April 21 22:21 2019 Print This Article

It is defined as a disorder in which there is a problem in the fatty acid oxidation. It is an inborn error of the metabolism. It occurs due to the defects present in the enzyme complex to break the certain group of fatty acids and is known as the short chain acyl co enzyme A dehydrogenase which is referred as the SCADD.

What is the diagnosis of Acyl-CoA dehydrogenase, short chain, deficiency?

This disorder includes the few affected infants which suffer from vomiting, low blood sugar referred as hypoglycemia; there is a lack of energy which is referred as lethargy, poor feeding and a failure to gain weight and to grow at expected rates. It is referred as the failure to thrive. The other features include the poor muscle tone which is known as the hypotonia and seizures. There is a delay in the development with a small head size known as the microcephaly. The symptoms of the short chain acyl co enzyme A dehydrogenase which is referred as the SCADD deficiency are triggered by the periods of fasting or illness which includes the viral infections. In few cases the signs and synptoms do not appear until adult hood. There some individuals develop muscle weakness and wasting. The people with the gene mutations have mild symptoms that are never diagnosed. There are many bio chemical geneticists which consider it to be bio chemical phenotype or with absence of clinical phenol type.

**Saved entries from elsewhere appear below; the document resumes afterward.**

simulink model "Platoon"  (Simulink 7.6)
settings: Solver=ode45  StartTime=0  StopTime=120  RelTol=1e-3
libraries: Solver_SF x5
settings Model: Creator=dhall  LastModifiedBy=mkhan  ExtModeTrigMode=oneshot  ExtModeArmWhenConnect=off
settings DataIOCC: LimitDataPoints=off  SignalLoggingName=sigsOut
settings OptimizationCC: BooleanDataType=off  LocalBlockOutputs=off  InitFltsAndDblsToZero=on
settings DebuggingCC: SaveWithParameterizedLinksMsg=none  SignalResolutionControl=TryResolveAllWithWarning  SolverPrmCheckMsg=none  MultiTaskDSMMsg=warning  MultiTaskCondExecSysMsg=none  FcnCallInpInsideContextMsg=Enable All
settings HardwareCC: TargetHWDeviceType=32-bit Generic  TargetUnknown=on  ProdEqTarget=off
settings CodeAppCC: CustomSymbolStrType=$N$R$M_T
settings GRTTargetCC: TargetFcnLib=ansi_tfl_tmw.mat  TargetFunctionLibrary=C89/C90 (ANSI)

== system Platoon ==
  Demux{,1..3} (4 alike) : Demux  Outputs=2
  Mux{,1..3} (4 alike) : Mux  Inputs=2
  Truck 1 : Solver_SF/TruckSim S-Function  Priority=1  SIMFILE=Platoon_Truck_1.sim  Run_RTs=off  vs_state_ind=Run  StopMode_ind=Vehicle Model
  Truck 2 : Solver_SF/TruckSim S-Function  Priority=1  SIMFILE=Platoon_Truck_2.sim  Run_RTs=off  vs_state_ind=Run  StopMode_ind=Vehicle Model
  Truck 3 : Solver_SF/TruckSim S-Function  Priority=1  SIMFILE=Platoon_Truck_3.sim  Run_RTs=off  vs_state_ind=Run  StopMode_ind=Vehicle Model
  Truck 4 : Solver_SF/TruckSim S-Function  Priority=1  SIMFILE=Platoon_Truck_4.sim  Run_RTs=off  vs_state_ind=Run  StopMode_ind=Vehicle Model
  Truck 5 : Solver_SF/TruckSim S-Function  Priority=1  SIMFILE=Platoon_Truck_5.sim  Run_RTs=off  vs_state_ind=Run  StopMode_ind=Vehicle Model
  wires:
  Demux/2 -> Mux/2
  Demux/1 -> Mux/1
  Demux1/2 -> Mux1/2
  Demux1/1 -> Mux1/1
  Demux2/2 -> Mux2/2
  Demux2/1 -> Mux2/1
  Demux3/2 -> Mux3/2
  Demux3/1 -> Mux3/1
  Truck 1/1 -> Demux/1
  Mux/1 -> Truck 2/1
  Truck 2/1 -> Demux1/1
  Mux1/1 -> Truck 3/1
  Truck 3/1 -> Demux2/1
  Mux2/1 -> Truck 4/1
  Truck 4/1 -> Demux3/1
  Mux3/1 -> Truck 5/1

What is the treatment of Acyl-CoA dehydrogenase, short chain, deficiency?

There is no definite treatment for this disorder.

What is the genetics of Acyl-CoA dehydrogenase, short chain, deficiency?

This disorder includes the mutations in ACDAS gene which causes the short chain acyl co enzyme A dehydrogenase deficiency which is referred as the SCADD. These lead to the lower levels of enzyme known as the short chain acyl co enzyme A dehydrogenase which is referred as the SCADD. It is important for the breakdown of short chain fatty acids. It also prevents the further breakdown of enzyme and is processed in the mitochondrion which is the energy producing centre of cell. So, these fatty acids are not changed into energy which leads to the signs and symptoms of this disorder including the lethargy and hypo glycemia. It is inherited and autosomal recessive in nature. It means there are two copies of a faulty gene in each cell which are required for the disorder to be inherited. If one of the copy of faulty gene is inherited the individual act as a carrier but it does not have the disorder. This disorder affects the 1 in 40 thousand to 1 lac new borns.